This problem set will involve activities designed to solidify the concepts learned in this module. Problems will be similar to those in Module Eight and will include one or two real-world applications to prepare you to think like a biostatistician.
IHP 525 Module Six Problem Set
Hemoglobin levels in 11-year-old boys vary according to a normal distribution with σ=1.2 g/dL.
How large a sample is needed to estimate µ with 95% confidence so the margin of error is no greater than 0.5 g/dL?
A researcher fails to find a significant difference in mean blood pressure in 36 matched pairs. The test was carried out with a power of 85%. Assuming that this study was well designed and carried out properly, do you believe that there really is no significant difference in blood pressure? Explain your answer.
Would you use a one-sample, paired-sample, or independent-sample t-test in the following situations?
1. A lab technician obtains a specimen of known concentration from a reference lab. He/she tests the specimen 10 times using an assay kit and compares the calculated mean to that of the known standard.
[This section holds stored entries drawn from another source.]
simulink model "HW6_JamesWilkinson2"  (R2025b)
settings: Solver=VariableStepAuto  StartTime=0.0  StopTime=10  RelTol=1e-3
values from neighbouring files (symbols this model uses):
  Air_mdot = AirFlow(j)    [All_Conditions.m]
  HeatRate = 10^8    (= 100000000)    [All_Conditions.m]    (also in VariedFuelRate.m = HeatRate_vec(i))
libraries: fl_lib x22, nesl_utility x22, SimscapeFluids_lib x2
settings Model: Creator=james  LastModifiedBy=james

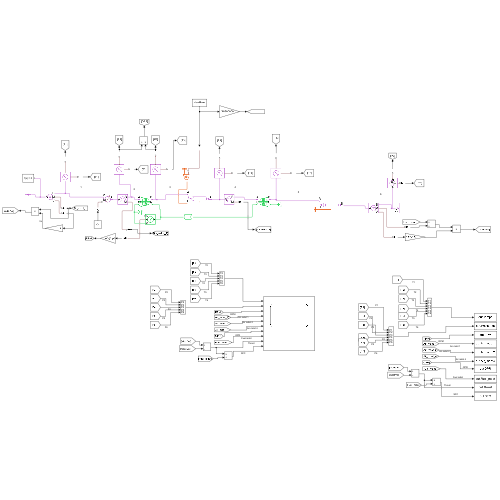
[thumbnail: Simulink's stored preview of the top-level diagram]
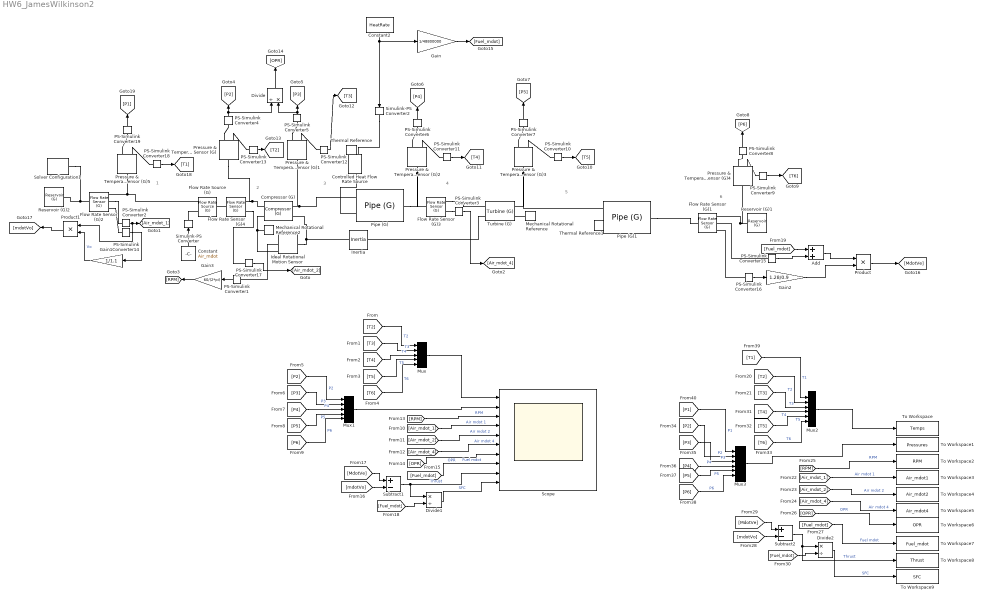
== system HW6_JamesWilkinson2 ==
  note: 6
  note: 5
  note: 4
  note: 3
  note: 2
  note: 1
  Add : Sum
  Compressor (G) : SimscapeFluids_lib/Gas/Turbomachinery/Compressor (G)  parameterization=fluids.gas.turbomachinery.enum.CompressorParameterization.Analytical  NDes=10000 rpm  piDes=DesignedPR  mdotDes=33 kg/s  efficiencyType=fluids.gas.turbomachinery.enum.EfficiencyType.Analytical  efficiencyValue=0.8  etaMax=0.887  etaMin=0.5  mdotMaxEff=30 kg/s  piMaxEff=7  omega_TLU=[5000, 6000, 7000, 7500, 8000, 8500, 9000, 9500, 10000, 11000] rpm  beta_TLU=0 : 1 / 6 : 1  pr_TLU=[1.369, 1.459, 1.587, 1.654, 1.734, 1.775, 1.82; 1.918, 2.075, 2.229, 2.318, 2.405, 2.456, 2.481; 2.706, 2.966, 3.168, 3.334, 3.404, 3.445, 3.435; 3.203, 3.533, 3.833, 4.021, 4.127, 4.135, 4.066; 3.782, 4.222, 4.565, 4.867, 5.065, 5.07, 4.934; 4.302, 4.861, 5.285, 5.821, 6.161, 6.334, 6.142; 4.841, 5.445, 5.988, 6.628, 7.222, 7.623, 7.573; 5.358, 5.997, 6.589, 7.334, 8.012, 8.668, 9; 5.851, 6.491, 7.124, 7.982, 8.754, 9.57, 9.814; 6.707, 7.321, 8.034, 9.047, 9.94, 10.834, 10.998]  mdot_TLU=[10.45, 10.203, 9.784, 9.526, 9.144, 8.947, 8.615; 13.315, 13.018, 12.525, 11.984, 11.455, 11.086, 10.914; 17.601, 17.204, 16.502, 15.8, 14.903, 14.179, 13.184; 20.331, 19.983, 19.39, 18.492, 17.435, 16.293, 14.895; 23.466, 23.092, 22.572, 21.807, 20.687, 19.3, 17.682; 26.295, 26.091, 25.766, 25.28, 24.453, 23.26, 21.311; 29.013, 28.747, 28.641, 28.412, 28.06, 27.098, 25.306; 31.424, 31.379, 31.273, 31.103, 30.849, 30.484, 29.718; 33.688, 33.606, 33.561, 33.513, 33.392, 33.258, 33.059; 37.678, 37.621, 37.575, 37.598, 37.501, 37.415, 37.413] kg/s  eta_TLU=[.68, .69, .695, .7, .701, .705, .704; .7, .725, .75, .755, .745, .73, .725; .77, .795, .81, .805, .78, .765, .745; .795, .812, .825, .82, .805, .78, .75; .82, .837, .848, .849, .835, .805, .78; .83, .845, .856, .86, .855, .84, .8; .83, .848, .859, .869, .86, .852, .83; .828, .845, .857, .869, .862, .855, .85; .806, .83, .85, .86, .859, .857, .853; .79, .8, .82, .835, .845, .848, .849]  SMFault=simscape.enum.assert.action.none  a=1.5  b=5  k=0.03  c=3  d=4  cCap=15  dCap=1  p_reference=0.101325 MPa  T_reference=288.15 K  mechanical_efficiency=0.9  area_A=1.28 m^2  area_B=1 m^2
      settings: InternalSimscapePortConfiguration="{\"Bottom\":[],\"Left\":[{\"id\":\"A\",\"label\":\"A\",\"type\":\"foundation.gas.gas\"},{\"id\":\"C\",\"label\":\"C\",\"type\":\"foundation.mechanical.rotational.rotational\"}],\"Right\":[{\"id\":\"B\",\"label\":\"B\",\"type\":\"foundation.gas.gas\"},{\"id\":\"R\",\"label\":\"R\",\"type\":\"foundation.mechanical.rotational.rotational\"}],\"Top\":[]}"
  Constant : Constant  Value=Air_mdot
  Constant2 : Constant  Value=HeatRate
  Controlled Heat Flow Rate Source : fl_lib/Thermal/Thermal Sources/Controlled Heat Flow Rate Source
  Divide : Product  Inputs=/*
  Divide1 : Product  Inputs=*/
  Divide2 : Product  Inputs=*/
  Flow Rate Sensor (G)1 : fl_lib/Gas/Sensors/Flow Rate Sensor (G)  mass_flow_measure=true  volumetric_flow_measure=true  volumetric_flow_conditions=foundation.enum.volumetric_flow_conditions.actual  p_std=0.101325 MPa  T_std=20 degC  energy_flow_measure=false
      settings: InternalSimscapePortConfiguration="{\"Bottom\":[],\"Left\":[{\"id\":\"A\",\"label\":\"A\",\"type\":\"foundation.gas.gas\"}],\"Right\":[{\"id\":\"B\",\"label\":\"B\",\"type\":\"foundation.gas.gas\"},{\"id\":\"M\",\"label\":\"M\",\"type\":\"output\"},{\"id\":\"V\",\"label\":\"V\",\"type\":\"output\"}],\"Top\":[]}"
  Flow Rate Sensor (G)2 : fl_lib/Gas/Sensors/Flow Rate Sensor (G)  mass_flow_measure=true  volumetric_flow_measure=true  volumetric_flow_conditions=foundation.enum.volumetric_flow_conditions.actual  p_std=0.101325 MPa  T_std=20 degC  energy_flow_measure=false
      settings: InternalSimscapePortConfiguration="{\"Bottom\":[],\"Left\":[{\"id\":\"A\",\"label\":\"A\",\"type\":\"foundation.gas.gas\"}],\"Right\":[{\"id\":\"B\",\"label\":\"B\",\"type\":\"foundation.gas.gas\"},{\"id\":\"M\",\"label\":\"M\",\"type\":\"output\"},{\"id\":\"V\",\"label\":\"V\",\"type\":\"output\"}],\"Top\":[]}"
  Flow Rate Sensor (G)3 : fl_lib/Gas/Sensors/Flow Rate Sensor (G)  mass_flow_measure=true  volumetric_flow_measure=false  volumetric_flow_conditions=foundation.enum.volumetric_flow_conditions.actual  p_std=0.101325 MPa  T_std=20 degC  energy_flow_measure=false
      settings: InternalSimscapePortConfiguration="{\"Bottom\":[],\"Left\":[{\"id\":\"A\",\"label\":\"A\",\"type\":\"foundation.gas.gas\"}],\"Right\":[{\"id\":\"B\",\"label\":\"B\",\"type\":\"foundation.gas.gas\"},{\"id\":\"M\",\"label\":\"M\",\"type\":\"output\"}],\"Top\":[]}"
  Flow Rate Sensor (G)4 : fl_lib/Gas/Sensors/Flow Rate Sensor (G)  mass_flow_measure=true  volumetric_flow_measure=false  volumetric_flow_conditions=foundation.enum.volumetric_flow_conditions.actual  p_std=0.101325 MPa  T_std=20 degC  energy_flow_measure=false
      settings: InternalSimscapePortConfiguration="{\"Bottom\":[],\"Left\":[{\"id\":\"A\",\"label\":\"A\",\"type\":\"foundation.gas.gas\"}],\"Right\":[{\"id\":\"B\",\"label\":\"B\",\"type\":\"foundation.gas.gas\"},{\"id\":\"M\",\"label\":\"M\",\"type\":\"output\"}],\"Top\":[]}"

A different technician compares the concentration of 10 specimens using 2 different assay kits. Ten measurements (1 on each specimen) are taken with each kit. Results are then compared.
In a study of maternal cigarette smoking and bone density in newborns, 77 infants of mothers who smoked had a mean bone mineral content of 0.098 g/cm3 ( s1 = 0.026 g/cm3). The 161 infants whose mothers did not smoke had a mean bone mineral content of 0.095 g/cm3 ( s2 = 0.025 g/cm3).
1. Calculate the 95% confidence interval for µ1 – µ2.
Based on the confidence interval you just calculated, is there a statistically significant difference in bone mineral content between newborns with mothers who did smoke and newborns with mothers who did not smoke?
A randomized, double-blind, placebo-controlled study evaluated the effect of the herbal remedy Echinacea purpurea in treating upper respiratory tract infections in 2- to 11-year olds. Each time a child had an upper respiratory tract infection, treatment with either echinacea or a placebo was given for the duration of the illness. One of the outcomes studied was “severity of symptoms.” A severity scale based on four symptoms was monitored and recorded by the parents of subjects for each instance of upper respiratory infection. The peak severity of symptoms in the 337 cases treated with echinacea had a mean score of 6.0 (standard deviation 2.3). The peak severity of symptoms in the placebo group (np = 370) had a mean score of 6.1 (standard deviation 2.4). Test the mean difference for significance using an independent t-test. Discuss your findings.